What to produce
Can you pull out each line of the data below that includes the word "Plant"?

Data records
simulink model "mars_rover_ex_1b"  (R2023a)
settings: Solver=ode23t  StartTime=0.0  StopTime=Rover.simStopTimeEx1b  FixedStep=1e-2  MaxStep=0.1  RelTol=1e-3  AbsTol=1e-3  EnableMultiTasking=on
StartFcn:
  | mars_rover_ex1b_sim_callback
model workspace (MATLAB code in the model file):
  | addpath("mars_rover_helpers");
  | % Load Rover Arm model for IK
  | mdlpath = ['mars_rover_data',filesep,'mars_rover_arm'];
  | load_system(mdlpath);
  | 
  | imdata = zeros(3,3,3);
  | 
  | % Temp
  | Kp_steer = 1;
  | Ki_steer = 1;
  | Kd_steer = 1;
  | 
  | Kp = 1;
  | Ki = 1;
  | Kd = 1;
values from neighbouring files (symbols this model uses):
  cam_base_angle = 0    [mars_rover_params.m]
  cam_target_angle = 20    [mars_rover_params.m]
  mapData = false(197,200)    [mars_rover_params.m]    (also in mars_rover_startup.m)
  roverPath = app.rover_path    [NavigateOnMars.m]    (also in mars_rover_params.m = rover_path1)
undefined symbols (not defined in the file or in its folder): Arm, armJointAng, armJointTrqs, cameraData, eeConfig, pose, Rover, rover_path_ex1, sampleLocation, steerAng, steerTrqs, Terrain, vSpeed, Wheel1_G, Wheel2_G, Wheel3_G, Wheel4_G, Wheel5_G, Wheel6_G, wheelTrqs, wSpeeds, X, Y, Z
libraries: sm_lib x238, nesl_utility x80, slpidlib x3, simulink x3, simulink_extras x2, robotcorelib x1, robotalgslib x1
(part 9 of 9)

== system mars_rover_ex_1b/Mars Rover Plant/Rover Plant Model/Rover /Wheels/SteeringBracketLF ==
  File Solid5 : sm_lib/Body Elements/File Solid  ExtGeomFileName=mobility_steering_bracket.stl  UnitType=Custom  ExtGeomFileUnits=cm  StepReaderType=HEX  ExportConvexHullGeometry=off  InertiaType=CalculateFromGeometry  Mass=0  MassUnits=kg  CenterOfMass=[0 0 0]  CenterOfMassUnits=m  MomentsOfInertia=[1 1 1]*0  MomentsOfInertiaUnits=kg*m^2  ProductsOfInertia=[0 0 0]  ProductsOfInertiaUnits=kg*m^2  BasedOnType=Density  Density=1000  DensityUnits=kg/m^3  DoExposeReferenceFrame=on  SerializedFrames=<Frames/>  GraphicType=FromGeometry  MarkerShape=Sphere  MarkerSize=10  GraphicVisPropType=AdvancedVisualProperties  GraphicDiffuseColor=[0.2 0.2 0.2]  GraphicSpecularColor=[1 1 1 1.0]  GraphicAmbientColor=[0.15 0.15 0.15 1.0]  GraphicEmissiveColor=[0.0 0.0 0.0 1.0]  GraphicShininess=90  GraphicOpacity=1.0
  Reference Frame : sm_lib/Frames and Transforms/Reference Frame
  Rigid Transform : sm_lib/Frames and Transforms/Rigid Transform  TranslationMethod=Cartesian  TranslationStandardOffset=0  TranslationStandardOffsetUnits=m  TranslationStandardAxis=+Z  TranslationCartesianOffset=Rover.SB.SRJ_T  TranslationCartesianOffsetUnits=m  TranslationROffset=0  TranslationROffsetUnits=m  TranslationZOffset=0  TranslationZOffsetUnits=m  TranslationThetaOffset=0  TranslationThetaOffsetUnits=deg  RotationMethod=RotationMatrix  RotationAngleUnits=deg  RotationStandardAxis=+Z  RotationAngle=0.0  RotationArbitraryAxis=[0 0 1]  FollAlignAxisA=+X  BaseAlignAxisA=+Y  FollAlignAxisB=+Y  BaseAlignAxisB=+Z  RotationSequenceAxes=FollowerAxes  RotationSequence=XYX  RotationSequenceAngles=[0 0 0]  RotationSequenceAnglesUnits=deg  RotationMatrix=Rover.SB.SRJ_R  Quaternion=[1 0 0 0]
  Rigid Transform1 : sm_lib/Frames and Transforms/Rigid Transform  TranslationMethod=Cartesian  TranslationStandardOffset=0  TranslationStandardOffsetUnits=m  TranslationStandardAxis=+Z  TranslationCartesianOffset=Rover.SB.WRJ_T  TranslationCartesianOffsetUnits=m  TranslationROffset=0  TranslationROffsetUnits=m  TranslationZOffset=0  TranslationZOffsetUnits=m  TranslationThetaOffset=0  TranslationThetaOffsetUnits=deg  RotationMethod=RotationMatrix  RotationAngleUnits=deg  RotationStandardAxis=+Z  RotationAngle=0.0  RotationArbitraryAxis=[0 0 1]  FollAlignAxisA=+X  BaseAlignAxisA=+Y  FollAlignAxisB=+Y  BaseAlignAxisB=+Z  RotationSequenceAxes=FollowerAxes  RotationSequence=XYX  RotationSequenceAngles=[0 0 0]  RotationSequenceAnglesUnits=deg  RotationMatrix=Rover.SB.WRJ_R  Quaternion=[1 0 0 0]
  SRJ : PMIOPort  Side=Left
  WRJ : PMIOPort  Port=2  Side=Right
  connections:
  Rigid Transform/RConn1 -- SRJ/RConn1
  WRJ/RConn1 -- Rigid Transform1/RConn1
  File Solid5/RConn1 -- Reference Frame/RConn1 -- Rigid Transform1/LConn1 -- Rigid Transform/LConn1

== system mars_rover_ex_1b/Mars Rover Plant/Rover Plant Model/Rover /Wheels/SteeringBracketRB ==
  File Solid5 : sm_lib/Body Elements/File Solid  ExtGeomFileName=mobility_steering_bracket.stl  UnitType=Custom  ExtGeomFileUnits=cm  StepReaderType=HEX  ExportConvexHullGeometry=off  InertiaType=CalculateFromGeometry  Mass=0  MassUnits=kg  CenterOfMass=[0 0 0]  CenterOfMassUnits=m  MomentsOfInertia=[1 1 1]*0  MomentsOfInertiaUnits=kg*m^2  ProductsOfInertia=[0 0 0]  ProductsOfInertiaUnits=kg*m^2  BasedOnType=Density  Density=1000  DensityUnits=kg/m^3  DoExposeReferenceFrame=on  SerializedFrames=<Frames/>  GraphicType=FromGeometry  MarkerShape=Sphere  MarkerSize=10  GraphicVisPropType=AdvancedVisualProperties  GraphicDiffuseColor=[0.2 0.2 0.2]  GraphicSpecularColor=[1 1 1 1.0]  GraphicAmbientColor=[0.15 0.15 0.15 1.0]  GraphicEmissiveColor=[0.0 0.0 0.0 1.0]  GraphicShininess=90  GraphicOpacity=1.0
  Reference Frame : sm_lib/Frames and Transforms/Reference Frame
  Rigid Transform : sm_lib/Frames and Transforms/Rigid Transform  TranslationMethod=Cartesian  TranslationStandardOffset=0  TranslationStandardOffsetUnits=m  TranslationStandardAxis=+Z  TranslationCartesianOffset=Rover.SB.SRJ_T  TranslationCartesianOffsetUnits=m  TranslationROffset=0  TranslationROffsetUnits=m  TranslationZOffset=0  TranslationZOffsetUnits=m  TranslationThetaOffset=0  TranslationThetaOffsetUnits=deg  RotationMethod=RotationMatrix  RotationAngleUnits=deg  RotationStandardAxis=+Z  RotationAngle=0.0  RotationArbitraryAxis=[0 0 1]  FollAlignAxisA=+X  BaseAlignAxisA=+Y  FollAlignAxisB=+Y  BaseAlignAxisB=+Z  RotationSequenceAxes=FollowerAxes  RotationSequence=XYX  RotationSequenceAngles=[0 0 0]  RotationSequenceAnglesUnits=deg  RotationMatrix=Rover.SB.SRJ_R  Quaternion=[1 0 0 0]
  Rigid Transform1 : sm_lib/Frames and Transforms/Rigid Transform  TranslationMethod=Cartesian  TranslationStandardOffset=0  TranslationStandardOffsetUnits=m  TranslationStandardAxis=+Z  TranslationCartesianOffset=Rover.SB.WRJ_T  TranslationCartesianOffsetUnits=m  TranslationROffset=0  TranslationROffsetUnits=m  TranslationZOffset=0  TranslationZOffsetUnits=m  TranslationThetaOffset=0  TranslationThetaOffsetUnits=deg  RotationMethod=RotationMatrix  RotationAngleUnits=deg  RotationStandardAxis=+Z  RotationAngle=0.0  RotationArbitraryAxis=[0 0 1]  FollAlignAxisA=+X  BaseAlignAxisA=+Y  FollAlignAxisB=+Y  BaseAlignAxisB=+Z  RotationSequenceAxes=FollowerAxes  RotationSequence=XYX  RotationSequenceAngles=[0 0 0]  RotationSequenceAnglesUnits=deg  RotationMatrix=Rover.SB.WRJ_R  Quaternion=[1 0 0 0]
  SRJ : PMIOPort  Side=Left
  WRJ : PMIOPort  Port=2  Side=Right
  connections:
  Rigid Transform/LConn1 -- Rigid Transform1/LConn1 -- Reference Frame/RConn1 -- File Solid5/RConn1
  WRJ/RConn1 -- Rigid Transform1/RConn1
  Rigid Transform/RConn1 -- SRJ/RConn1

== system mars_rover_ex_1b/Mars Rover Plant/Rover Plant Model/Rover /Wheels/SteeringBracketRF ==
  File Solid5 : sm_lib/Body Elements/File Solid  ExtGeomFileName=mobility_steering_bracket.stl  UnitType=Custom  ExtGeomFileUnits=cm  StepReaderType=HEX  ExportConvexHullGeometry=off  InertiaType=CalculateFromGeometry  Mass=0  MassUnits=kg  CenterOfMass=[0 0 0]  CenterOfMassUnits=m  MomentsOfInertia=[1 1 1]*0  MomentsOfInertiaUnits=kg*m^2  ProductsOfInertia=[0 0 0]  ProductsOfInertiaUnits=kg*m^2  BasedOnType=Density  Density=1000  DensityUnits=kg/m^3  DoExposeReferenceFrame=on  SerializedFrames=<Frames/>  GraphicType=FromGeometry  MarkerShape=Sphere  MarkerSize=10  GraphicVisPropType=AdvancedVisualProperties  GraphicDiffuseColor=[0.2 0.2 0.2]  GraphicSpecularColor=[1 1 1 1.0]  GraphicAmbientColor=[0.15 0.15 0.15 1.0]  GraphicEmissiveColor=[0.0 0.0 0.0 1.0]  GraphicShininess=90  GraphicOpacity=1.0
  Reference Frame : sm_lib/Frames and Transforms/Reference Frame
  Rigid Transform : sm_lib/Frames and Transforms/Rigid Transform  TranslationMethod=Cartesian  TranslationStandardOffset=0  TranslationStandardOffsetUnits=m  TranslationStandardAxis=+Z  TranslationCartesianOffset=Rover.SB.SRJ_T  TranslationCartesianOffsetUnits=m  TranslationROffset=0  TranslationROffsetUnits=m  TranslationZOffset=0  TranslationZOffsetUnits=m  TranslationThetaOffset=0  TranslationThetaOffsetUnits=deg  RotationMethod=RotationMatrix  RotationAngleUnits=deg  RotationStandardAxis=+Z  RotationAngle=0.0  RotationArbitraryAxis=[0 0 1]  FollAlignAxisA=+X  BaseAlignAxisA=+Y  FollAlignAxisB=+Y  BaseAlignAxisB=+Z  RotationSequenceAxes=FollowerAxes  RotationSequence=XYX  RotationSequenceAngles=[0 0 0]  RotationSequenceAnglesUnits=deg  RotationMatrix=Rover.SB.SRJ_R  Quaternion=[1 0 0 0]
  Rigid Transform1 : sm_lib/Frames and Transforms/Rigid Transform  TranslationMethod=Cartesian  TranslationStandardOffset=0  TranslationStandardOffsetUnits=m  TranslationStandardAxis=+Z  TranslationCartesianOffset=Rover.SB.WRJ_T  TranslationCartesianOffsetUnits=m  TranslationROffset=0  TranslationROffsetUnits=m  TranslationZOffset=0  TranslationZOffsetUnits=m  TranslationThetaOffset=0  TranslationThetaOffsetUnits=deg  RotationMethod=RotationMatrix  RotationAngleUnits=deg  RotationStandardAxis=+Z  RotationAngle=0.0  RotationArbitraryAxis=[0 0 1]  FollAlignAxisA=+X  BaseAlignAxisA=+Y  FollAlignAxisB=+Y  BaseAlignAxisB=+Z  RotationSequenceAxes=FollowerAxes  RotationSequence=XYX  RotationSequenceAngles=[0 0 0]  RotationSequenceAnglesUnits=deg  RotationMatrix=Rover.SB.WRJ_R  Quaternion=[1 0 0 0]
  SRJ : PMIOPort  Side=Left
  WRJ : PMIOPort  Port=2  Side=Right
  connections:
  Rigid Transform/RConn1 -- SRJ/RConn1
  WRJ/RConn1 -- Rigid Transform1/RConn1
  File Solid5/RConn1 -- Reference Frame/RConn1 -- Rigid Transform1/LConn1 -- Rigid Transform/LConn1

Solution for this problem
== system mars_rover_ex_1b/Mars Rover Plant/Rover Plant Model/Rover /Wheels/SteeringBracketLF ==
== system mars_rover_ex_1b/Mars Rover Plant/Rover Plant Model/Rover /Wheels/SteeringBracketRB ==
== system mars_rover_ex_1b/Mars Rover Plant/Rover Plant Model/Rover /Wheels/SteeringBracketRF ==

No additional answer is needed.